**Work instruction**
Records follow. Select each line holding "SampleTime".

Records from a data collection

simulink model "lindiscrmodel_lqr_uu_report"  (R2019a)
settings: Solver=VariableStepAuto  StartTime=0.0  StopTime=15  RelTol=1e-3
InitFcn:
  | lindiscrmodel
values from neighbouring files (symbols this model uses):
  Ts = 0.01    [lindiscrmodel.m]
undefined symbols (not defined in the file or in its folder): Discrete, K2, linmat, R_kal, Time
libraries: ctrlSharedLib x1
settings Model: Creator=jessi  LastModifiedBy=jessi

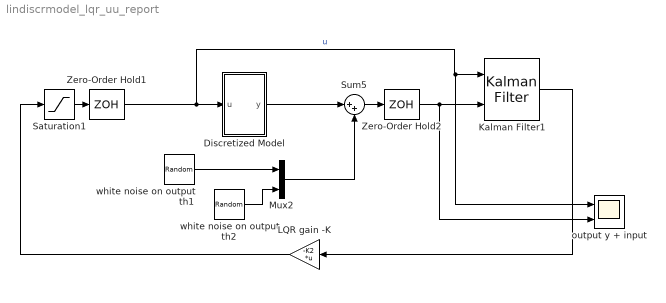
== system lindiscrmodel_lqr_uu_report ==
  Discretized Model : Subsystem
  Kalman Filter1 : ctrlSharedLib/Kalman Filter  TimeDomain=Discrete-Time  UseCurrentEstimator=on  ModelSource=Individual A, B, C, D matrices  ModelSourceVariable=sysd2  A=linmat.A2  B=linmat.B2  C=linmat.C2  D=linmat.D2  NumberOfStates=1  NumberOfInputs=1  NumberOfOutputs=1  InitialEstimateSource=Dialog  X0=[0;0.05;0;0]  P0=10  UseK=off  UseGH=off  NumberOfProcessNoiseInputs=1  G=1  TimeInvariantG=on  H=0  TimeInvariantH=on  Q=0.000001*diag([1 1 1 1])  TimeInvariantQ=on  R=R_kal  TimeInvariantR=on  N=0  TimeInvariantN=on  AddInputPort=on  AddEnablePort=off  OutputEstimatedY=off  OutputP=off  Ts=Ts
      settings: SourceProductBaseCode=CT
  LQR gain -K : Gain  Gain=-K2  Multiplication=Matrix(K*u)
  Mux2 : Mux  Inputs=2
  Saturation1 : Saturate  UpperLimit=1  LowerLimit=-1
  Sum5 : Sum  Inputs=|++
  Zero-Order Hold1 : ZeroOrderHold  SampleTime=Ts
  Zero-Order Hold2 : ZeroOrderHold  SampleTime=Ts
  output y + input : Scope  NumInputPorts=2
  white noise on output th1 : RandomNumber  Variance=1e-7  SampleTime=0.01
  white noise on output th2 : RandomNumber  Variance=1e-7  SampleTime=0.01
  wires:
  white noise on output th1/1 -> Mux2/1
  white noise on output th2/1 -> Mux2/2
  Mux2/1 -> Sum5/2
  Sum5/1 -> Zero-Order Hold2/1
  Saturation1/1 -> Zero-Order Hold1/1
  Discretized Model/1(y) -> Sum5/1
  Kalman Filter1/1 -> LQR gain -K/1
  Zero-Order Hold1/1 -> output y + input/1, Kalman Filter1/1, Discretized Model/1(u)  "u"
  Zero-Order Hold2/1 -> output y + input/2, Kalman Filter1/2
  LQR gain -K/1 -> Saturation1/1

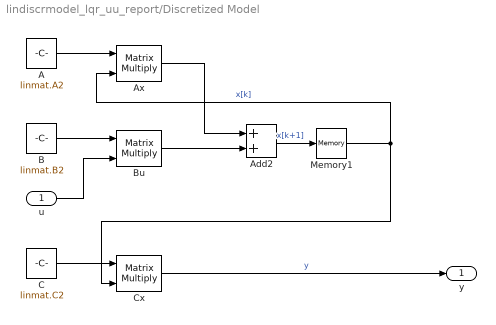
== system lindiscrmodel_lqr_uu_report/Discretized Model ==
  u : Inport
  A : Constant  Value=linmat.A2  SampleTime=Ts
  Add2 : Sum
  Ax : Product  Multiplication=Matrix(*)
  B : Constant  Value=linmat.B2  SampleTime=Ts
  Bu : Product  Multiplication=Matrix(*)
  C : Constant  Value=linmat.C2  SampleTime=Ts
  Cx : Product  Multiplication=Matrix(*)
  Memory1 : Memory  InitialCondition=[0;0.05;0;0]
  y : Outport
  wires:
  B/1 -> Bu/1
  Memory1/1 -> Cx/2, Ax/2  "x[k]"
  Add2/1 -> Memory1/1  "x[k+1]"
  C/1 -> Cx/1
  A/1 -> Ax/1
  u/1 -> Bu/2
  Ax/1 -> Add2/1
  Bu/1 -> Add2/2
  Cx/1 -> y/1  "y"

**Exercise response**
  Zero-Order Hold1 : ZeroOrderHold  SampleTime=Ts
  Zero-Order Hold2 : ZeroOrderHold  SampleTime=Ts
  white noise on output th1 : RandomNumber  Variance=1e-7  SampleTime=0.01
  white noise on output th2 : RandomNumber  Variance=1e-7  SampleTime=0.01
  A : Constant  Value=linmat.A2  SampleTime=Ts
  B : Constant  Value=linmat.B2  SampleTime=Ts
  C : Constant  Value=linmat.C2  SampleTime=Ts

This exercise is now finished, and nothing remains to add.